Each individual show costs about $700,000 to produce, including prize money
and host Regis Philbin's salary. Each show earns $2 million in advertising
revenue. The rights to air Millionaire are also sold to Canada for $250,000 per
episode.
The Millionaire show also sells a CD-ROM game for $20. About 4 million of
these games have been sold.
There is also an on-line version of the game that Millionaire fans can play.

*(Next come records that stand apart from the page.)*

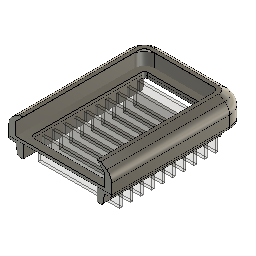
CRYSlight (Autodesk Fusion 360 design; units mm, degrees)
Autodesk Fusion 360 part; units mm, degrees
note: some values were not read from the file. Set by a fixed rule: which face or edge a step refers to.
sketch "clip" plane through (0, 0, 0) normal (0, 0, 1) x (1, 0, 0) in component "clip"
  line L0 (50, 72.5) -> (-50, 72.5)
  line L1 (-50, 72.5) -> (-50, -72.5)
  line L2 (-50, -72.5) -> (50, -72.5)
  line L3 (50, -72.5) -> (50, 72.5)
  line L4 (50, 72.5) -> (-50, -72.5) construction
  line L5 (-50, 72.5) -> (50, -72.5) construction
  line L6 (-42, -64.5) -> (42, -64.5)
  line L7 (42, -64.5) -> (42, 64.5)
  line L8 (42, 64.5) -> (-42, 64.5)
  line L9 (-42, 64.5) -> (-42, -64.5)
  line L10 (-58, 80.5) -> (-58, -80.5)
  line L11 (-58, -80.5) -> (58, -80.5)
  line L12 (58, -80.5) -> (58, 80.5)
  line L13 (58, 80.5) -> (-58, 80.5)
  line L14 (-42, -64.5) -> (-42, -80.5)
  line L15 (42, -64.5) -> (42, -80.5)
  line L16 (50, -72.5) -> (58, -72.5)
  line L17 (-50, -72.5) -> (-58, -72.5)
  line L18 (-42, -64.5) -> (-58, -64.5) construction
  line L19 (42, -64.5) -> (58, -64.5) construction
  line L20 (-50, -72.5) -> (-58, -64.5) construction
  line L21 (-58, -72.5) -> (-50, -64.5) construction
  line L22 (50, -72.5) -> (58, -64.5) construction
  line L23 (58, -72.5) -> (50, -64.5) construction
  circle A0 centre (-54, -68.5) radius 2
  circle A1 centre (54, -68.5) radius 2
  line L24 (42, 64.5) -> (50, 72.5) construction
  circle A2 centre (49.0711, 71.5711) radius 2
  line L25 (-42, 64.5) -> (-50, 72.5) construction
  circle A3 centre (-49.0711, 71.5711) radius 2
  line L26 (-42, 64.5) -> (-50, 64.5)
  line L27 (42, 64.5) -> (50, 64.5)
  line L28 (50, -51.5) -> (42, -51.5)
  line L29 (50, -48.5) -> (42, -48.5)
  line L30 (46, -51.5) -> (46, -48.5)
  dimension "d1" = 100
  dimension "d2" = 145
  dimension "d5" = -8
  dimension "d12" = 8
  dimension "d44" = 4
  dimension "d45" = 4
  dimension "d49" = 4
  dimension "d50" = 10
  dimension "d53" = 4
  dimension "d54" = 10
  dimension "d78" = 13
  dimension "d79" = 3
  dimension "d83" = 4
  constraint horizontal L0
  constraint perpendicular L0 L1
  constraint parallel L0 L2
  constraint parallel L1 L3
  constraint coincident L4 origin
  constraint coincident L5 origin
  constraint coincident L11 L14.end
  constraint perpendicular L11 L14
  constraint coincident L11 L15.end
  constraint perpendicular L11 L15
  constraint coincident L12 L16.end
  constraint perpendicular L12 L16
  constraint coincident L10 L17.end
  constraint perpendicular L10 L17
  constraint coincident L10 L18.end
  constraint perpendicular L10 L18
  constraint coincident L12 L19.end
  constraint perpendicular L12 L19
  constraint midpoint L18 L21.end
  constraint midpoint L19 L23.end
  constraint midpoint L21 A0.centre
  constraint midpoint L23 A1.centre
  constraint coincident L24 A2.centre
  constraint coincident L25 A3.centre
  constraint coincident L1 L26.end
  constraint perpendicular L1 L26
  constraint coincident L3 L27.end
  constraint perpendicular L3 L27
  constraint coincident L3 L28.start
  constraint coincident L7 L28.end
  constraint perpendicular L7 L28
  constraint coincident L3 L29.start
  constraint coincident L7 L29.end
  constraint perpendicular L7 L29
  constraint coincident L28 L30.start
  constraint coincident L29 L30.end
  constraint perpendicular L29 L30
  measures "d1" distance of L1.end L2.end
  measures "d2" distance of L0.end L1.end
  measures "d44" diameter of A0
  measures "d45" diameter of A1
  measures "d49" diameter of A2
  measures "d50" distance of L7.end A2.centre
  measures "d53" diameter of A3
  measures "d54" distance of L8.end A3.centre
  measures "d78" distance of L23.end L28.start
  measures "d79" distance of L28.start L29.start
  measures "d83" distance of L29.start L30.end
extrude "Extrude1" add sketch "clip" along normal blind 26 contours L0 L3 A2 | L0 L3 A2 | L0 L1 L3 L8 A2 A3 L26 L27 | L0 L1 L3 L10 L12 L13 L16 L17 A2 A3 | L0 L1 A3 | L0 L1 A3 | L3 L7 L27 L29 | L3 L28 L29 L30 | L6 L7 L8 L9 | L1 L2 L9 L14 L26 | L2 L3 L7 L15 L28 | L7 L28 L29 L30 | L2 L6 L14 L15 | A0 | A1 makes body 1 in component "clip"
extrude "Extrude3" cut sketch "clip" along normal blind 26 contours L6 L7 L8 L9 bodies 1 in component "clip"
extrude "Extrude4" cut sketch "clip" along normal blind 15 from surface at 3 contours L0 L3 A2 | L0 L1 L3 L8 A2 A3 L26 L27 | L0 L1 A3 | L3 L7 L27 L29 | L3 L28 L29 L30 | L1 L2 L9 L14 L26 | L2 L3 L7 L15 L28 | L7 L28 L29 L30 | L2 L6 L14 L15 picked at (48.4405, 70.9405) picked at (-48.4608, 70.9205) bodies 1 in component "clip"
extrude "Extrude7" cut sketch "clip" along normal blind 23 from surface at 3 contours L2 L6 L14 L15 bodies 1 in component "clip"
fillet "Fillet2" radius 12 2 edges at (50, 72.5, 10.5) (-50, 72.5, 10.5) on bodies 1 in component "clip"
fillet "Fillet2" radius 6 2 edges at (42, 64.5, 22) (-42, 64.5, 22) on bodies 1 in component "clip"
fillet "Fillet2" radius 20 2 edges at (58, 80.5, 13) (-58, 80.5, 13) on bodies 1 in component "clip"
fillet "Fillet2" radius 4 4 edges at (42, 64.5, 1.5) (-42, 64.5, 1.5) (-42, -64.5, 1.5) (42, -64.5, 1.5) on bodies 1 in component "clip"
extrude "Extrude8" cut sketch "clip" along normal blind 10 contours L0 L3 A2 | L0 L3 A2 | L0 L1 A3 | L0 L1 A3 | A0 | A1 bodies 1 in component "clip"
chamfer "Chamfer2" distance 7.95 angle 45 5 edges at (-42, -7, 18) (-40.2426, 62.7426, 18) (0, 64.5, 18) (40.2426, 62.7426, 18) (42, -7, 18) on bodies 1 in component "clip"
chamfer "Chamfer2" distance 12 distance2 8 5 edges at (58, -6, 26) (52.1421, 74.6421, 26) (0, 80.5, 26) (-52.1421, 74.6421, 26) (-58, -6, 26) measured on face at (-52.6667, 15.5, 26) measured on face at (38.9516, 80.4773, 8.6667) measured on face at (-52.6667, 15.5, 26) measured on face at (-38.9516, 80.4773, 8.6667) measured on face at (-52.6667, 15.5, 26) on bodies 1 in component "clip"
fillet "Fillet3" radius 12 5 edges at (58, -6, 18) (52.1421, 74.6421, 18) (0, 80.5, 18) (-52.1421, 74.6421, 18) (-58, -6, 18) on bodies 1 in component "clip"
extrude "Extrude4'" add sketch "clip" against normal blind 3 separate body contours L0 L1 L3 L8 A2 A3 L26 L27 | L0 L1 L3 L10 L12 L13 L16 L17 A2 A3 | L3 L7 L27 L29 | L3 L28 L29 L30 | L1 L2 L9 L14 L26 | L2 L3 L7 L15 L28 | L7 L28 L29 L30 makes body 2 in component "bracket"
extrude "Extrude5" add sketch "clip" against normal blind 15 contours L3 L7 L27 L29 | L3 L28 L29 L30 | L1 L2 L9 L14 L26 | L2 L3 L7 L15 L28 | L7 L28 L29 L30 bodies 2 in component "bracket"
fillet "Fillet2'" radius 20 2 edges at (-58, 80.5, -1.5) (58, 80.5, -1.5) on bodies 2 in component "bracket"
fillet "Fillet2'" radius 4 2 edges at (42, 64.5, -1.5) (-42, 64.5, -1.5) on bodies 2 in component "bracket"
chamfer "Chamfer1" distance 2 distance2 12 4 edges at (50, -4, -15) (-50, -4, -15) (46, 64.5, -15) (-46, 64.5, -15) measured on face at (44.6667, 18.8333, -15) measured on face at (-47.3333, 18.8333, -15) measured on face at (44.6667, 18.8333, -15) measured on face at (-47.3333, 18.8333, -15) on bodies 2 in component "bracket"
chamfer "Chamfer1" distance 1 angle 45 5 edges at (52.1421, 74.6421, -3) (58, -6, -3) (-58, -6, -3) (-52.1421, 74.6421, -3) (0, 80.5, -3) on bodies 2 in component "bracket"
fillet "Fillet3'" radius 2 6 edges at (-48, -5, -15) (48, -5, -15) (-49, 63.5, -9) (-45, 62.5, -15) (45, 62.5, -15) (49, 63.5, -9) on bodies 2 in component "bracket"
extrude "Extrude7'" cut sketch "clip" against normal blind 12 from surface at -3 contours L7 L28 L29 L30 bodies 2 in component "bracket"
mirror "Mirror1" about plane through (0, 0, 0) normal (1, 0, 0) of "Extrude7'" in component "bracket"
pattern_linear "R-Pattern1" count 10 spacing 12 along (0, 1, 0) of "Extrude7'", "Mirror1" in component "bracket"
extrude "Extrude1'" add 1 faces at (-46, -50.5, -7) along direction (1, 0, 0) blind 92 separate body on bodies 2 makes body 3 in component "shade"
extrude "Extrude2" add 1 faces at (-15.3333, -50.5, -15) along direction (0, 0, -1) blind 15 on bodies 3 bodies 3 in component "shade"
pattern_linear "R-Pattern1'" count 10 spacing 12 along (0, 1, 0) of bodies 3 makes body 4 at (-15.3333, -39.5, -12) makes body 5 at (-15.3333, -27.5, -12) makes body 6 at (-15.3333, -15.5, -12) makes body 7 at (-15.3333, -3.5, -12) makes body 8 at (-15.3333, 8.5, -12) makes body 9 at (-15.3333, 20.5, -12) makes body 10 at (-15.3333, 32.5, -12) makes body 11 at (-15.3333, 44.5, -12) makes body 12 at (-15.3333, 56.5, -12) in component "shade"
component "clip" placed x (1, 0, 0) y (0, 1, 0) z (0, 0, 1) at (0, 0, 0)
component "bracket" placed x (1, 0, 0) y (0, 1, 0) z (0, 0, 1) at (0, 0, 0)
component "shade" placed x (1, 0, 0) y (0, 1, 0) z (0, 0, 1) at (0, 0, 0)
named bodies: "clipBody", "bracketBody"

Users
of the game don't pay, but each "hit" is noted when advertising space is sold for
the site.
The article also points out that Disney also sells hats and t-shirts of the game,
and markets a special version of "Millionaire" to corporations that can be played
at conventions by employees and clients.
Cost Accounting
Horngreen, Datar, Foster
“Who Gets the Money?“ - Questions
1. The Millionaire show itself generates about $1.3 million per episode in
net income ($2 million in revenue, $700,000 in expenses.) Give a
reason why this should be considered a profit center for evaluating a
manager's performance.
2. Do you think that one manager has responsibility for the Millionaire
show, as a profit center, or is it divided as a cost center and as a
revenue center?
3. Should the ancillaries of the show (the t-shirts, CD-ROM, etc.) be
evaluated as a profit center, cost center or revenue center? Why?